DATA RECORDS:
*** Block opens ***

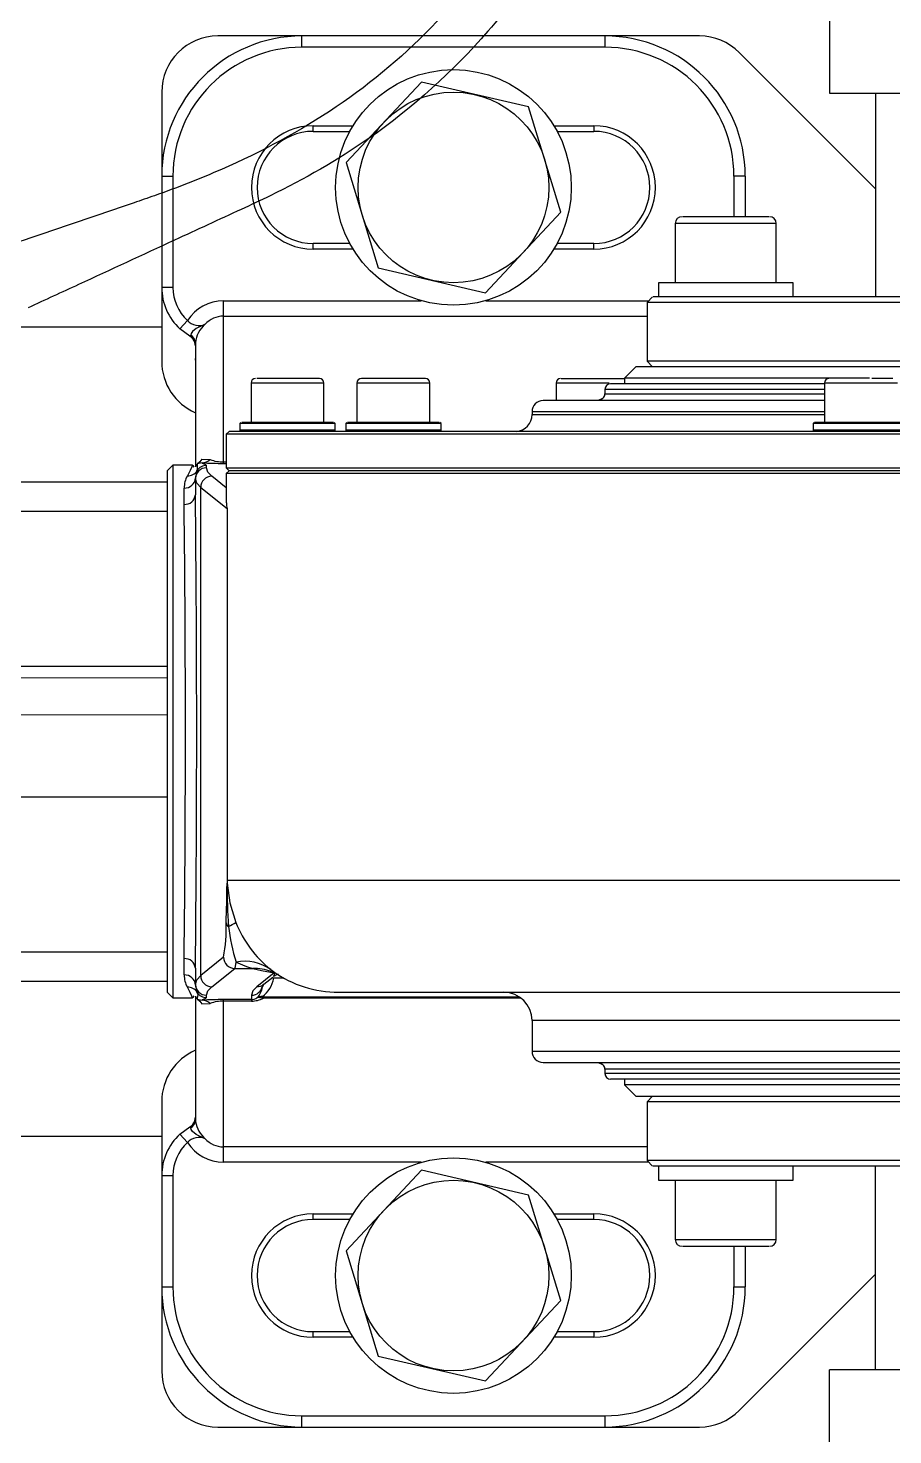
# Model space of a CAD drawing. Header units: feet. Extents: x -21 to 5170, y -254 to 1413.
# Drawn here: x 4956.45 to 4962.92, y 40.57 to 51.1 of the extents above; entities that cross this region are included whole.
import ezdxf
from ezdxf.lldxf.tags import DXFTag

# ---------------------------------------------------------------- set-up
doc = ezdxf.new("R2010")
doc.units = ezdxf.units.FT
doc.header["$MEASUREMENT"] = 0
for name, color, linetype in [('DC FEEEDERS', 1, 'Continuous'), ('E-ARRY-TABL', 9, 'Continuous'), ('PV-AG-DC1', 142, 'DC1'), ('WIRE MANAGEMENT', 4, 'Continuous')]:
    doc.layers.add(name, color=color, linetype=linetype)
doc.styles.add('NEI-A', font='arial.ttf')
tags = doc.linetypes.add('DC1', pattern='A,0.176989,-0.035266,["DC1",NEI-A,S=0.1,R=0,X=0,Y=-0.05],-0.314734,0.176989', length=0.703978).pattern_tags.tags
tags[6] = DXFTag(74, 10)

msp = doc.modelspace()

# ---------------------------------------------------------------- linework, layer by layer
at = {"layer": 'DC FEEEDERS'}
for points in [[(4942.28292, 48.86683), (4957.45052, 48.86683)], [(4942.28292, 47.70683), (4957.49251, 47.70683)], [(4942.28292, 47.48488), (4957.49251, 47.48488)], [(4942.28292, 46.32488), (4957.49251, 46.32488)], [(4942.28292, 45.34749), (4957.49251, 45.34749)], [(4942.28292, 44.18749), (4957.49251, 44.18749)], [(4942.28292, 43.96554), (4957.49251, 43.96554)], [(4942.28292, 42.80554), (4957.45052, 42.80554)]]:
    msp.add_lwpolyline(points, dxfattribs=at)
at = {"layer": 'E-ARRY-TABL'}
for p, q in [((4962.44828, 59.97062), (4962.44828, 50.61556)), ((4961.47636, 51.04394), (4957.8705, 51.04394)), ((4958.50047, 50.95994), (4958.50047, 51.04394)), ((4960.76836, 51.04394), (4960.76836, 50.95994)), ((4960.76836, 50.95994), (4958.50047, 50.95994)), ((4962.79477, 49.89949), (4961.77333, 50.92093)), ((4959.39415, 50.69862), (4958.83131, 50.09623)), ((4960.19726, 50.51238), (4959.39415, 50.69862)), ((4957.45052, 50.62396), (4957.45052, 48.60805)), ((4962.44828, 50.61556), (4967.48805, 50.61556)), ((4962.79477, 50.61556), (4962.79477, 49.09103)), ((4960.43752, 49.72375), (4960.19726, 50.51238)), ((4958.58446, 50.32997), (4958.58446, 50.37197)), ((4958.58446, 50.37197), (4958.88313, 50.37197)), ((4960.3857, 50.37197), (4960.68437, 50.37197)), ((4960.68437, 50.37197), (4960.68437, 50.32997)), ((4958.58446, 50.32997), (4958.85887, 50.32997)), ((4960.40996, 50.32997), (4960.68437, 50.32997)), ((4958.83131, 50.09623), (4959.07157, 49.3076)), ((4957.45052, 49.99399), (4957.53451, 49.99399)), ((4957.53451, 49.99399), (4957.53451, 49.16096)), ((4961.81831, 49.99399), (4961.73432, 49.99399)), ((4961.73432, 49.99399), (4961.73432, 49.69097)), ((4961.81831, 49.99399), (4961.81831, 49.69097)), ((4959.87468, 49.12136), (4960.43752, 49.72375)), ((4961.2949, 49.64058), (4961.2949, 49.19603)), ((4962.05086, 49.64058), (4961.2949, 49.64058)), ((4961.99514, 49.69097), (4961.35109, 49.69097)), ((4962.05086, 49.19603), (4962.05086, 49.64058)), ((4958.58446, 49.44802), (4958.58446, 49.49001)), ((4958.85887, 49.49001), (4958.58446, 49.49001)), ((4958.88313, 49.44802), (4958.58446, 49.44802)), ((4960.68437, 49.44802), (4960.3857, 49.44802)), ((4960.68437, 49.49001), (4960.40996, 49.49001)), ((4960.68437, 49.44802), (4960.68437, 49.49001)), ((4959.07157, 49.3076), (4959.87468, 49.12136)), ((4961.1689, 49.19603), (4961.1689, 49.09103)), ((4962.17686, 49.19603), (4961.1689, 49.19603)), ((4962.17686, 49.09103), (4962.17686, 49.19603)), ((4957.53451, 49.16096), (4957.45052, 49.16096)), ((4961.12543, 49.09112), (4961.08335, 49.04903)), ((4961.17218, 49.09103), (4961.13056, 49.09103)), ((4968.7618, 49.09103), (4961.17453, 49.09103)), ((4957.91249, 47.8439), (4957.91249, 49.06171)), ((4957.91249, 49.06171), (4959.39302, 49.06171)), ((4959.87581, 49.06171), (4961.09603, 49.06171)), ((4961.08335, 49.04903), (4961.08335, 48.60805)), ((4968.85298, 49.04903), (4961.08335, 49.04903)), ((4957.64305, 48.91368), (4957.58618, 48.85185)), ((4957.91249, 48.94658), (4961.08335, 48.94658)), ((4957.66051, 48.79725), (4957.58618, 48.85185)), ((4957.7025, 48.74644), (4957.7025, 48.61672)), ((4957.70301, 48.61663), (4957.7025, 48.60071)), ((4957.7025, 48.60071), (4957.7025, 47.81711)), ((4960.9994, 48.56611), (4960.91535, 48.48206)), ((4968.93698, 48.56606), (4960.99935, 48.56606)), ((4961.08335, 48.60805), (4961.1254, 48.566)), ((4968.85298, 48.60805), (4961.08335, 48.60805)), ((4958.63095, 48.4787), (4958.16171, 48.4787)), ((4959.42336, 48.4787), (4958.94582, 48.4787)), ((4960.44066, 48.4787), (4960.91158, 48.4787)), ((4960.91535, 48.48206), (4960.91535, 48.44006)), ((4962.74983, 48.48206), (4960.91535, 48.48206)), ((4962.92356, 48.4787), (4962.76614, 48.4787)), ((4958.11894, 48.4451), (4958.11894, 48.14498)), ((4958.66491, 48.4451), (4958.11894, 48.4451)), ((4958.66491, 48.14498), (4958.66491, 48.4451)), ((4958.91213, 48.4451), (4958.91213, 48.14498)), ((4959.4581, 48.4451), (4958.91213, 48.4451)), ((4959.4581, 48.14498), (4959.4581, 48.4451)), ((4960.40284, 48.4451), (4960.40284, 48.31407)), ((4960.79961, 48.4451), (4960.40284, 48.4451)), ((4960.76836, 48.39806), (4960.76836, 48.36417)), ((4962.41127, 48.39806), (4960.76836, 48.39806)), ((4960.76836, 48.36417), (4962.41127, 48.36417)), ((4962.41321, 48.44006), (4960.81036, 48.44006)), ((4962.41127, 48.4451), (4962.41127, 48.14498)), ((4962.95725, 48.4451), (4962.41127, 48.4451)), ((4962.41127, 48.31407), (4960.30638, 48.31407)), ((4960.74111, 48.32485), (4960.71627, 48.31407)), ((4958.04339, 48.15033), (4958.03494, 48.14188)), ((4958.03494, 48.14188), (4958.03494, 48.09148)), ((4958.74891, 48.14188), (4958.03494, 48.14188)), ((4958.73753, 48.15028), (4958.04928, 48.15028)), ((4958.74891, 48.14188), (4958.74046, 48.15033)), ((4958.74891, 48.09148), (4958.74891, 48.14188)), ((4958.83659, 48.15033), (4958.82813, 48.14188)), ((4958.82813, 48.14188), (4958.82813, 48.09148)), ((4959.5421, 48.14188), (4958.82813, 48.14188)), ((4959.52709, 48.15028), (4958.84183, 48.15028)), ((4959.5421, 48.14188), (4959.53365, 48.15033)), ((4959.5421, 48.09148), (4959.5421, 48.14188)), ((4960.22239, 48.23007), (4960.22239, 48.20907)), ((4962.41127, 48.23007), (4960.22239, 48.23007)), ((4960.22239, 48.20907), (4962.41127, 48.20907)), ((4962.33573, 48.15033), (4962.32728, 48.14188)), ((4962.32728, 48.14188), (4962.32728, 48.09148)), ((4963.04125, 48.14188), (4962.32728, 48.14188)), ((4963.02826, 48.15028), (4962.337, 48.15028)), ((4957.95449, 48.08308), (4957.93349, 48.06208)), ((4957.93349, 48.06208), (4957.93349, 47.81009)), ((4972.00284, 48.06208), (4957.93349, 48.06208)), ((4971.98184, 48.08308), (4957.95449, 48.08308)), ((4958.03494, 48.09148), (4958.04334, 48.08308)), ((4958.74891, 48.09148), (4958.03494, 48.09148)), ((4958.74051, 48.08308), (4958.74891, 48.09148)), ((4958.82813, 48.09148), (4958.83653, 48.08308)), ((4959.5421, 48.09148), (4958.82813, 48.09148)), ((4959.5337, 48.08308), (4959.5421, 48.09148)), ((4959.68973, 48.08663), (4959.68973, 48.08308)), ((4959.85302, 48.08604), (4959.85302, 48.08308)), ((4959.94341, 48.08308), (4959.94341, 48.08663)), ((4959.95641, 48.08604), (4959.95641, 48.08308)), ((4960.10577, 48.08308), (4960.10577, 48.08605)), ((4961.83278, 48.08657), (4961.83278, 48.08308)), ((4962.03054, 48.08308), (4962.03054, 48.08657)), ((4962.1203, 48.08614), (4962.1203, 48.08308)), ((4962.17582, 48.0864), (4962.17582, 48.08308)), ((4962.31397, 48.08308), (4962.31397, 48.0864)), ((4962.32728, 48.09148), (4962.33568, 48.08308)), ((4963.04125, 48.09148), (4962.32728, 48.09148)), ((4957.53451, 47.83109), (4957.49238, 47.78896)), ((4957.67998, 47.83109), (4957.53451, 47.83109)), ((4957.53451, 47.83109), (4957.53451, 43.84128)), ((4957.72789, 47.84496), (4957.71647, 47.83982)), ((4957.72861, 47.8426), (4957.72596, 47.84205)), ((4957.75302, 47.84766), (4957.72861, 47.8426)), ((4957.75046, 47.87518), (4957.81282, 47.87224)), ((4957.7865, 47.81084), (4957.7865, 47.82848)), ((4957.91249, 47.85468), (4957.93349, 47.85468)), ((4957.91249, 47.8439), (4957.93349, 47.8439)), ((4957.49251, 47.78909), (4957.49251, 43.88327)), ((4957.71459, 47.78791), (4957.7025, 47.7353)), ((4957.7025, 47.7353), (4957.7025, 47.60873)), ((4957.93349, 47.66134), (4957.82639, 47.747)), ((4957.93349, 47.81009), (4957.95449, 47.78909)), ((4957.93349, 47.81009), (4972.00284, 47.81009)), ((4957.95449, 47.78909), (4957.93349, 47.76809)), ((4957.93349, 47.76809), (4957.93349, 47.54806)), ((4972.00284, 47.76809), (4957.93349, 47.76809)), ((4971.98184, 47.78909), (4957.95449, 47.78909)), ((4957.61851, 47.53711), (4957.61851, 47.65857)), ((4957.74248, 47.66305), (4957.94019, 47.50492)), ((4957.74248, 44.00931), (4957.74248, 47.66305)), ((4957.94019, 47.50492), (4957.94019, 44.72324)), ((4957.94019, 44.72324), (4957.93978, 44.69502)), ((4957.94019, 44.72324), (4957.94002, 44.69383)), ((4957.94019, 44.72324), (4957.94102, 44.69969)), ((4957.94019, 44.72324), (4971.99614, 44.72324)), ((4957.61851, 44.0138), (4957.61851, 44.13526)), ((4957.91354, 44.14613), (4957.74248, 44.00931)), ((4957.7025, 44.06364), (4957.7025, 43.93707)), ((4957.82639, 43.92537), (4957.99746, 44.06219)), ((4957.99746, 44.06219), (4958.13258, 44.06198)), ((4958.29327, 44.02981), (4958.16206, 43.92486)), ((4958.26667, 44.05362), (4958.28636, 44.04001)), ((4958.27047, 44.0392), (4958.26912, 44.03942)), ((4958.28636, 44.04001), (4958.2914, 44.03653)), ((4957.7025, 43.93707), (4957.71459, 43.88446)), ((4958.21452, 43.94321), (4958.28286, 43.99786)), ((4958.28879, 44.00275), (4958.28827, 44.00287)), ((4958.36541, 43.98905), (4958.2888, 43.98905)), ((4958.29065, 44.00455), (4958.28947, 44.00341)), ((4957.49238, 43.88341), (4957.53451, 43.84128)), ((4957.53451, 43.84128), (4957.67998, 43.84128)), ((4957.7025, 43.85525), (4957.7025, 42.92592)), ((4957.71647, 43.83254), (4957.72789, 43.8274)), ((4957.72601, 43.83031), (4957.72861, 43.82977)), ((4957.72861, 43.82977), (4957.75302, 43.82471)), ((4957.7865, 43.84389), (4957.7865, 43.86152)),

*** Block closes ***

EXERCISE AIM:
Please extract exactly the lines of the data, from the first through the line containing "msp = doc.modelspace()", and add no pictures to the copy.

OUTPUT BELOW:
# Model space of a CAD drawing. Header units: feet. Extents: x -21 to 5170, y -254 to 1413.
# Drawn here: x 4956.45 to 4962.92, y 40.57 to 51.1 of the extents above; entities that cross this region are included whole.
import ezdxf
from ezdxf.lldxf.tags import DXFTag

# ---------------------------------------------------------------- set-up
doc = ezdxf.new("R2010")
doc.units = ezdxf.units.FT
doc.header["$MEASUREMENT"] = 0
for name, color, linetype in [('DC FEEEDERS', 1, 'Continuous'), ('E-ARRY-TABL', 9, 'Continuous'), ('PV-AG-DC1', 142, 'DC1'), ('WIRE MANAGEMENT', 4, 'Continuous')]:
    doc.layers.add(name, color=color, linetype=linetype)
doc.styles.add('NEI-A', font='arial.ttf')
tags = doc.linetypes.add('DC1', pattern='A,0.176989,-0.035266,["DC1",NEI-A,S=0.1,R=0,X=0,Y=-0.05],-0.314734,0.176989', length=0.703978).pattern_tags.tags
tags[6] = DXFTag(74, 10)

msp = doc.modelspace()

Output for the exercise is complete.